From your drawing it looks too close to the shed style roof below to put any soffit vents. It also doesn't look like you have much room on the soffits elsewhere for any vents.

You may actually solve the moisture issue with your insulation. Whats happening is that warm air from your house is meeting the cold roof deck and nails and condensing causing the frost and moisture. If you keep that warm air in the living space you may not have the issue anymore. 

If its only frost on the nails, and not on the under side of the roof deck, and its not dripping when the temp is above freezing, I wouldn't worry about it. I would just check periodically after you insulate to see if things improve or get worse. No sense making more work for yourself right now.


----------



## nebben

My limited Google Sketchup skills make the roof look like there are no eaves. There are eaves, they're just very slim: 3" soffit, then angled aluminum about 10" up to the shingles.

Since I don't see moisture or frost in the attic except this spot, would it be a reasonable to just put in the insulation and go with the "if it isn't broke, then don't fix it" attitude for the rest of the attic? 

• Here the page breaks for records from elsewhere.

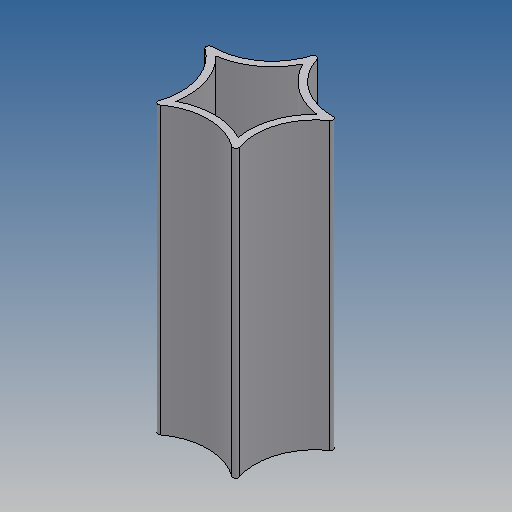
# Autodesk Inventor part: 21700_stern
Saved by Autodesk Inventor 2019.4 (Build 234330000, 330)
## iProperties
Part Number: 21700_stern
Material: GEDA Stahl
Document SubType Name: Modeling
Designer: Admin
Mass: 31.4795 g
Surface Area: 66.7703 cm^2
Volume: 4.00503 cm^3
Density: 7.86 g/cm^3
Appearance: GEDA Stahl A
Gewicht: 0,031 kg
G_L: 0
G_H: 0
G_B: 0
InventorVersion: 2019.4
VAULT_Status: in Bearbeitung
Revision: -
Max. Breite: 0
Max. Höhe: 0
Max. Länge: 0
Max. Abmessungen: 0 x 0 x 0
Volumen: 4005,026
Author: Admin
Autodesk Inventor part; units mm, degrees
note: some values were not read from the file. Left out: dimensions or parameters whose unit could not be read.
ref_plane "YZ Plane" through (0, 0, 0) normal (1, 0, 0) x (0, 1, 0)
ref_plane "XZ Plane" through (0, 0, 0) normal (0, 1, 0) x (-1, 0, 0)
ref_plane "XY Plane" through (0, 0, 0) normal (0, 0, 1) x (1, 0, 0)
sketch "Skizze1" plane through (0, 0, 0) normal (0, 0, 1) x (1, 0, 0)
  circle A0 centre (-10.5, 14.452) radius 10.5
  circle A1 centre (0, 0) radius 17.8637 construction
  circle A2 centre (10.5, 14.452) radius 10.5
  circle A3 centre (16.9894, -5.5202) radius 10.5
  circle A4 centre (0, -17.8637) radius 10.5
  circle A5 centre (-16.9894, -5.5202) radius 10.5
  arc A6 (-13.7447, 4.4659) -> (0, 14.452) centre (-10.5, 14.452) ccw
  arc A7 (0, 14.452) -> (13.7447, 4.4659) centre (10.5, 14.452) ccw
  arc A8 (13.7447, 4.4659) -> (8.4947, -11.6919) centre (16.9894, -5.5202) ccw
  arc A9 (8.4947, -11.6919) -> (-8.4947, -11.6919) centre (0, -17.8637) ccw
  arc A10 (-8.4947, -11.6919) -> (-13.7447, 4.4659) centre (-16.9894, -5.5202) ccw
  dimension "d0" = 21
  dimension "d1" = 10.5
  constraints: 15 point on circle, 13 equal radius, 11 centre point, 6 coincident, 1 vertical alignment
  measures "d0" diameter of A0
  measures "d1" radius of A7
extrude "Extrusion1" add sketch "Skizze1" along normal blind 50 contours A2 A3 A4 A5 A0
fillet "Rundung1" radius 0.5 5 edges at (0, 14.452, 25) (13.7447, 4.4659, 25) (-13.7447, 4.4659, 25) (-8.4947, -11.6919, 25) (8.4947, -11.6919, 25)
sketch "Skizze2" plane through (0, 0, 50) normal (0, 0, 1) x (1, 0, 0)
  arc A0 (6.269, -9.4405) -> (7.0412, -8.8794) centre (6.5675, -9.0394) ccw projected
  arc A1 (10.9157, 3.0449) -> (7.0412, -8.8794) centre (16.9894, -5.5202) ccw projected
  arc A2 (10.9157, 3.0449) -> (10.6207, 3.9527) centre (10.6264, 3.4527) ccw projected
  arc A3 (0.4773, 11.3223) -> (10.6207, 3.9527) centre (10.5, 14.452) ccw projected
  arc A4 (0.4773, 11.3223) -> (-0.4773, 11.3223) centre (0, 11.1733) ccw projected
  arc A5 (-10.6207, 3.9527) -> (-0.4773, 11.3223) centre (-10.5, 14.452) ccw projected
  arc A6 (-10.6207, 3.9527) -> (-10.9157, 3.0449) centre (-10.6264, 3.4527) ccw projected
  arc A7 (-7.0412, -8.8794) -> (-10.9157, 3.0449) centre (-16.9894, -5.5202) ccw projected
  arc A8 (-7.0412, -8.8794) -> (-6.269, -9.4405) centre (-6.5675, -9.0394) ccw projected
  arc A9 (6.269, -9.4405) -> (-6.269, -9.4405) centre (0, -17.8637) ccw projected
  arc A10 (8.8359, 2.871) -> (5.4609, -7.5163) centre (16.9894, -5.5202) ccw
  arc A11 (5.4609, -7.5163) -> (-5.4609, -7.5163) centre (0, -17.8637) ccw
  arc A12 (-5.4609, -7.5163) -> (-8.8359, 2.871) centre (-16.9894, -5.5202) ccw
  arc A13 (-8.8359, 2.871) -> (0, 9.2906) centre (-10.5, 14.452) ccw
  arc A14 (0, 9.2906) -> (8.8359, 2.871) centre (10.5, 14.452) ccw
  point P0 (0, 0)
  dimension "d5" = 1.2
  constraints: 10 point on circle, 5 centre point, 4 other
  measures "d5" radial gap between concentric circles of A3 A14
extrude "Extrusion2" cut sketch "Skizze2" against normal through all contours A10 A11 A12 A13 A14
equation "\"G_L\" = 0"
equation "\"G_H\" = 0"
equation "\"G_B\" = 0"

I didn't mention before that there is very little insulation at all in the attic right now: maybe 3" of blown in and occasional random lengths of R11 fiberglass. Might all of this escaping heat from the living space into the attic cause it to be dryer now than if it were well insulated, or am I backwards in this thought?

-ben


----------



## Brik

Good job with sketchup actually.

Yea, like I said. Insulate and it may be OK. Just leave an airspace under the roof deck, down to the eaves. Just like you had a vent in the soffit.

I think you may be backwards on your last comment. Its like when you take that cold beverage out of the fridge on a warm day. It drips condensation. The nails are the beverage in your relatively warm attic. Essentially you want the under side of the roof deck to be the same temp as the outside temp.


----------